## Work to be completed
For the entries below, return every line from the top through the line with "note: Multibody Visualization" exactly as it stands, omitting pictures.

◇ ◇ ◇ ◇ ◇

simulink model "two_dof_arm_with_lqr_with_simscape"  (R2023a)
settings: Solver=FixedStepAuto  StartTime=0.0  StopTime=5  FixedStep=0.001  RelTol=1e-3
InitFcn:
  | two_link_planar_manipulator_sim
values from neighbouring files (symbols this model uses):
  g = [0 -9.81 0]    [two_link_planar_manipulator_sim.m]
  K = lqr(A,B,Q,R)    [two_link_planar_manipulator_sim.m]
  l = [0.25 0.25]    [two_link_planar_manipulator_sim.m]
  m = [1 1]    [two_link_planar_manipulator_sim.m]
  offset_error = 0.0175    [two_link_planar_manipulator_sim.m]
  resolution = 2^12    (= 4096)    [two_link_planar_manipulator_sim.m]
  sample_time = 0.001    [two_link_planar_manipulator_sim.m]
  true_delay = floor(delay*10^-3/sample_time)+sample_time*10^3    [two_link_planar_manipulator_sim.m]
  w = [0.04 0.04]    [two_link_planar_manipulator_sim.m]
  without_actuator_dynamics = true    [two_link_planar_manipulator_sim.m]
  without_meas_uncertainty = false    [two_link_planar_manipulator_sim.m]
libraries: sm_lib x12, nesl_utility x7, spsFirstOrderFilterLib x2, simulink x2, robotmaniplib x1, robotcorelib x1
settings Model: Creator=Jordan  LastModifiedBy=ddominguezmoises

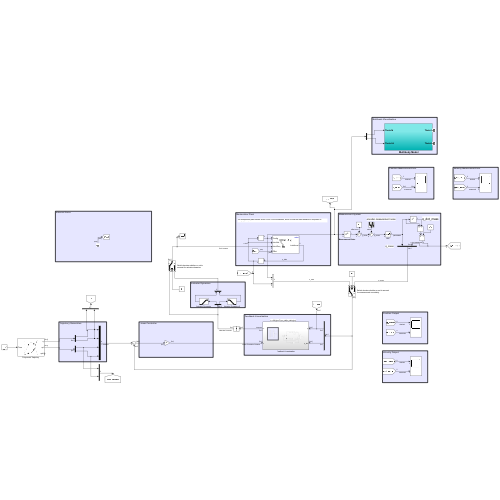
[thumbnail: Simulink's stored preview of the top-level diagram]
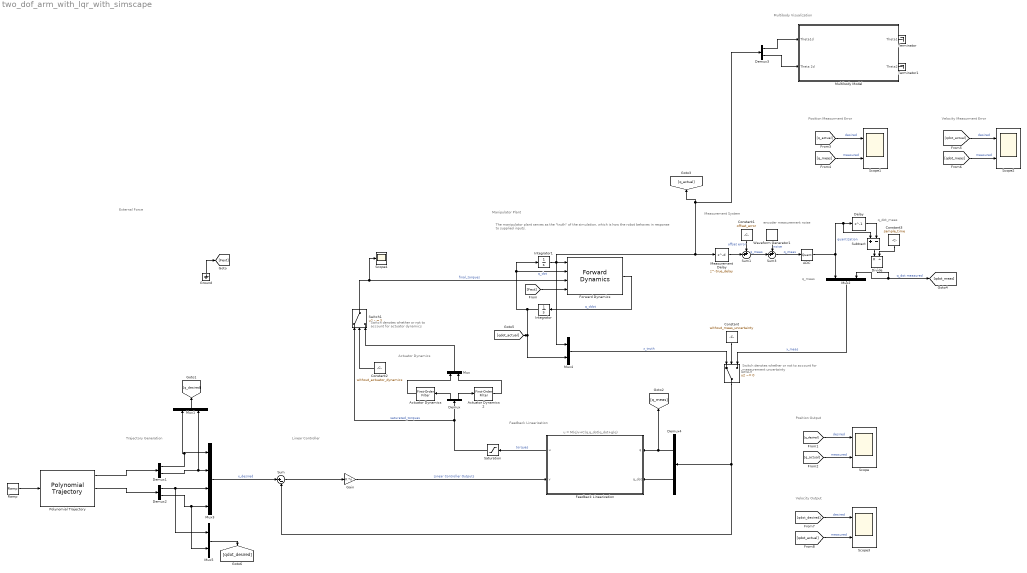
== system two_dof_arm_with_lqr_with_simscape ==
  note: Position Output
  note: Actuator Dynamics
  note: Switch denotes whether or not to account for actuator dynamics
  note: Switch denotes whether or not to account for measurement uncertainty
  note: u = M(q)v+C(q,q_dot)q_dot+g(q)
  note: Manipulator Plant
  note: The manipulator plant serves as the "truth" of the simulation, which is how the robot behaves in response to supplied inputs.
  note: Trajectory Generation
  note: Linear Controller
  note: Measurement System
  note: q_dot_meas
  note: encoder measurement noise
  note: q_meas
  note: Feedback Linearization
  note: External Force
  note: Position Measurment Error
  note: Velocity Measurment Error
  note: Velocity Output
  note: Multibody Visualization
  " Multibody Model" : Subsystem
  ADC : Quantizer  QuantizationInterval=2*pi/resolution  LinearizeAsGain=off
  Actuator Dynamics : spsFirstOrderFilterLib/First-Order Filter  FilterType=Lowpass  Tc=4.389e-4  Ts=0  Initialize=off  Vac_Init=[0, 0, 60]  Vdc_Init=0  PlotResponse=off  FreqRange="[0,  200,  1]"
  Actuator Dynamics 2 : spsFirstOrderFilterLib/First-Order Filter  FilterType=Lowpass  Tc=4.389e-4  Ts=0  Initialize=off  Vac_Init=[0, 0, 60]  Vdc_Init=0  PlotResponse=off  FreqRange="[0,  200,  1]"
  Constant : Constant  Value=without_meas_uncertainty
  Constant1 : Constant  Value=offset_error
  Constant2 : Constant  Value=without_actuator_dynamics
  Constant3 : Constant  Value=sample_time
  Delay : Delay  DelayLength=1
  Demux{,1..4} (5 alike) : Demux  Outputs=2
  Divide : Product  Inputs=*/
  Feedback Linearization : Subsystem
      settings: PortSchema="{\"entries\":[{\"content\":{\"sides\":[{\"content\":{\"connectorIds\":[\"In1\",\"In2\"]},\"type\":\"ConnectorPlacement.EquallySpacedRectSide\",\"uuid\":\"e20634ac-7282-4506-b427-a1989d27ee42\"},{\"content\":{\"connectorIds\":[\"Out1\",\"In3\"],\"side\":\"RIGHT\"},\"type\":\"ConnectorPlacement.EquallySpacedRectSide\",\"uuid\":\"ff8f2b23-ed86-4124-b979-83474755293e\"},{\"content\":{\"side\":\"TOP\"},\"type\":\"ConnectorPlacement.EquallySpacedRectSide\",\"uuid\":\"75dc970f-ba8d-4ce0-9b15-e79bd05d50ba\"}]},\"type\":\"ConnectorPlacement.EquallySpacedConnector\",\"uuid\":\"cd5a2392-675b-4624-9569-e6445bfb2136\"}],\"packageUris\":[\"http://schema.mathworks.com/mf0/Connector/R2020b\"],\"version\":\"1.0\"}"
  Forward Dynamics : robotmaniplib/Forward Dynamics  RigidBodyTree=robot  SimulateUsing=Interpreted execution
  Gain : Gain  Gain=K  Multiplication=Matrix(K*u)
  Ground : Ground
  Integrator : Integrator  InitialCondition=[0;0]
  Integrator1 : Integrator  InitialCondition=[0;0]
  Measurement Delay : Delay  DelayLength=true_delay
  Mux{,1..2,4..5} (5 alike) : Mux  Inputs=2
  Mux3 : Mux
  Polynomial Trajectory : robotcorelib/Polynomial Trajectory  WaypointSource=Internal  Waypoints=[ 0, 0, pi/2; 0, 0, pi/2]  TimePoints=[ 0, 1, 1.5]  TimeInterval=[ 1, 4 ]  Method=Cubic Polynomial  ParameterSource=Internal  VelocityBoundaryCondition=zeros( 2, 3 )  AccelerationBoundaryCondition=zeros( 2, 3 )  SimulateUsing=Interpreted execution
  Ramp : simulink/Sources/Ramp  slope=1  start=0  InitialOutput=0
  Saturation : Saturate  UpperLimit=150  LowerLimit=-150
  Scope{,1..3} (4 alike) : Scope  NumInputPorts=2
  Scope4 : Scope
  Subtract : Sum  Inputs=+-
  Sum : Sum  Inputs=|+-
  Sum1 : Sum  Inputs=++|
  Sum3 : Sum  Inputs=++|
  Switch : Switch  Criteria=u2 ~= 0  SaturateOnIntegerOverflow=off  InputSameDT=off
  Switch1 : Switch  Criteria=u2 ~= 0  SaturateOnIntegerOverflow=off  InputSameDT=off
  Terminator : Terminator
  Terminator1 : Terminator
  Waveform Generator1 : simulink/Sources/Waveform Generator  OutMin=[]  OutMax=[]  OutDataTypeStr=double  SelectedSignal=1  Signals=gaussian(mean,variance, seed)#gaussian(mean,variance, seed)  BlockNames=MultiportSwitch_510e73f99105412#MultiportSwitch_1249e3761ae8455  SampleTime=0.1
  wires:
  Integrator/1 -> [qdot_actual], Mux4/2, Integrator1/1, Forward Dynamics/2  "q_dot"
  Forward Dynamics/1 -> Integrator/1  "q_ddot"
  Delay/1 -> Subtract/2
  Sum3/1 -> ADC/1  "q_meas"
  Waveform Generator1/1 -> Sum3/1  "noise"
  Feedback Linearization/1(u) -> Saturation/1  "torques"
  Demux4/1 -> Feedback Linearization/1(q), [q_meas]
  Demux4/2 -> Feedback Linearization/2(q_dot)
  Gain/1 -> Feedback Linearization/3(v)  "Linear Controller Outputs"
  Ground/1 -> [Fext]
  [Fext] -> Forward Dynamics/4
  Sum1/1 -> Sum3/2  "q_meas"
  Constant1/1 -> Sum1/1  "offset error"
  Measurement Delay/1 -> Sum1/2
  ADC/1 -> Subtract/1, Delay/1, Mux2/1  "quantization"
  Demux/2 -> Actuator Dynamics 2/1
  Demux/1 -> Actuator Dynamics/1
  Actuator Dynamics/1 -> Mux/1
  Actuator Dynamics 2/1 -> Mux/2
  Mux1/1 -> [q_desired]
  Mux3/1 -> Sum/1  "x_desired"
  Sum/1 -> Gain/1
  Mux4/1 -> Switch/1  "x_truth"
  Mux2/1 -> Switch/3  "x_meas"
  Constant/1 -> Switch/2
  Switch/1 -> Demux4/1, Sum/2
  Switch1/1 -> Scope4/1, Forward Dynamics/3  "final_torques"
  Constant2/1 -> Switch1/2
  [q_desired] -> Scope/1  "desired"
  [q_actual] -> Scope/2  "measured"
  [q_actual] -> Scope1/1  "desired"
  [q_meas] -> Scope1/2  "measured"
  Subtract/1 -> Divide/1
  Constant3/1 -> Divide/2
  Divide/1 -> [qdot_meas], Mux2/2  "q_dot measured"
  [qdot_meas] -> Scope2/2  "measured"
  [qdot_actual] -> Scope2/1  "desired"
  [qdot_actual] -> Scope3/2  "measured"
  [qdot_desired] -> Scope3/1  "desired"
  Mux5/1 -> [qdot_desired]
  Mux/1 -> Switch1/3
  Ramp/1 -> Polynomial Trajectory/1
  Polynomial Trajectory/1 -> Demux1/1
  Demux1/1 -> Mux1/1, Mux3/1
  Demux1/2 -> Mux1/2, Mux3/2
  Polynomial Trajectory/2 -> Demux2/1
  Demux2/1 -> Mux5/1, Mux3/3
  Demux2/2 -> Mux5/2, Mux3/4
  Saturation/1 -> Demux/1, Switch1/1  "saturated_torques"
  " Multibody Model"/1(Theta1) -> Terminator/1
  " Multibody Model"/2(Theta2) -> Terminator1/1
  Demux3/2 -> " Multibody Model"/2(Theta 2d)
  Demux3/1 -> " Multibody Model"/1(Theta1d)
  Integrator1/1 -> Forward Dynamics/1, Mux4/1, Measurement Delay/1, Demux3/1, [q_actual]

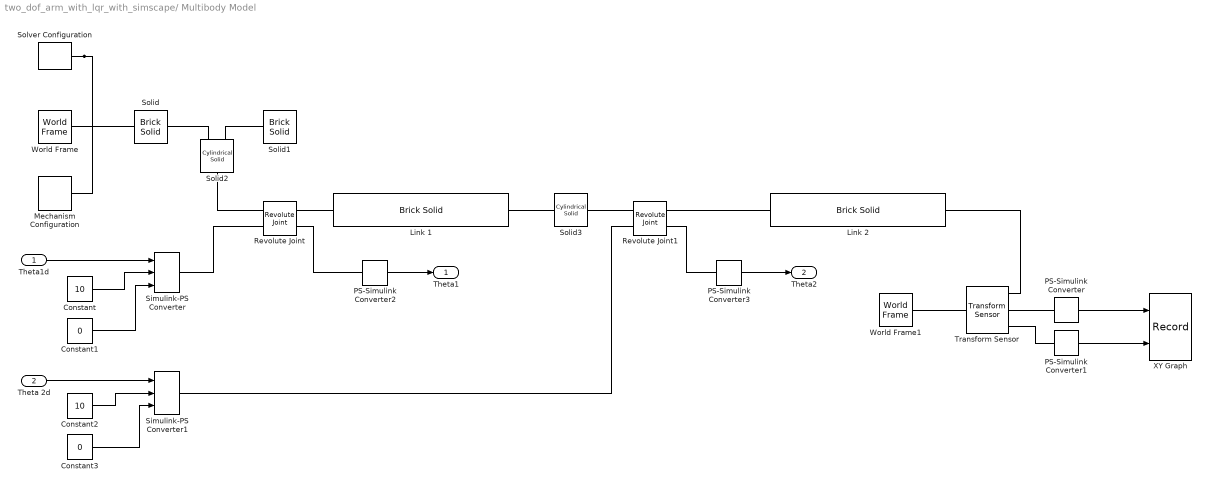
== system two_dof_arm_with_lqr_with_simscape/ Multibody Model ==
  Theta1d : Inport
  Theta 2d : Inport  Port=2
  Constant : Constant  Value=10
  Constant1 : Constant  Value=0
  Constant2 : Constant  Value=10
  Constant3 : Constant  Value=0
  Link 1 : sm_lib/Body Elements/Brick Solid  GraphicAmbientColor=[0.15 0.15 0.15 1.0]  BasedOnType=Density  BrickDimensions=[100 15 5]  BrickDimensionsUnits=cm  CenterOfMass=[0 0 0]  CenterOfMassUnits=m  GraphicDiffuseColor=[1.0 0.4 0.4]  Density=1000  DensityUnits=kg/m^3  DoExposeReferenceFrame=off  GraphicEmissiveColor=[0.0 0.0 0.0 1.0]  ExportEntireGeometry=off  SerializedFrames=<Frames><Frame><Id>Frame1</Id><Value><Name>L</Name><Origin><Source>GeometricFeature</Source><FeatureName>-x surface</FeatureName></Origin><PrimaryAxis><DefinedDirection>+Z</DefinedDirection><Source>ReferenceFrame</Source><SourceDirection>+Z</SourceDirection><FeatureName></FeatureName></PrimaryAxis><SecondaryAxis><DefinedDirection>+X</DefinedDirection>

◇ ◇ ◇ ◇ ◇

## Response to this exercise
simulink model "two_dof_arm_with_lqr_with_simscape"  (R2023a)
settings: Solver=FixedStepAuto  StartTime=0.0  StopTime=5  FixedStep=0.001  RelTol=1e-3
InitFcn:
  | two_link_planar_manipulator_sim
values from neighbouring files (symbols this model uses):
  g = [0 -9.81 0]    [two_link_planar_manipulator_sim.m]
  K = lqr(A,B,Q,R)    [two_link_planar_manipulator_sim.m]
  l = [0.25 0.25]    [two_link_planar_manipulator_sim.m]
  m = [1 1]    [two_link_planar_manipulator_sim.m]
  offset_error = 0.0175    [two_link_planar_manipulator_sim.m]
  resolution = 2^12    (= 4096)    [two_link_planar_manipulator_sim.m]
  sample_time = 0.001    [two_link_planar_manipulator_sim.m]
  true_delay = floor(delay*10^-3/sample_time)+sample_time*10^3    [two_link_planar_manipulator_sim.m]
  w = [0.04 0.04]    [two_link_planar_manipulator_sim.m]
  without_actuator_dynamics = true    [two_link_planar_manipulator_sim.m]
  without_meas_uncertainty = false    [two_link_planar_manipulator_sim.m]
libraries: sm_lib x12, nesl_utility x7, spsFirstOrderFilterLib x2, simulink x2, robotmaniplib x1, robotcorelib x1
settings Model: Creator=Jordan  LastModifiedBy=ddominguezmoises

[thumbnail: Simulink's stored preview of the top-level diagram]
== system two_dof_arm_with_lqr_with_simscape ==
  note: Position Output
  note: Actuator Dynamics
  note: Switch denotes whether or not to account for actuator dynamics
  note: Switch denotes whether or not to account for measurement uncertainty
  note: u = M(q)v+C(q,q_dot)q_dot+g(q)
  note: Manipulator Plant
  note: The manipulator plant serves as the "truth" of the simulation, which is how the robot behaves in response to supplied inputs.
  note: Trajectory Generation
  note: Linear Controller
  note: Measurement System
  note: q_dot_meas
  note: encoder measurement noise
  note: q_meas
  note: Feedback Linearization
  note: External Force
  note: Position Measurment Error
  note: Velocity Measurment Error
  note: Velocity Output
  note: Multibody Visualization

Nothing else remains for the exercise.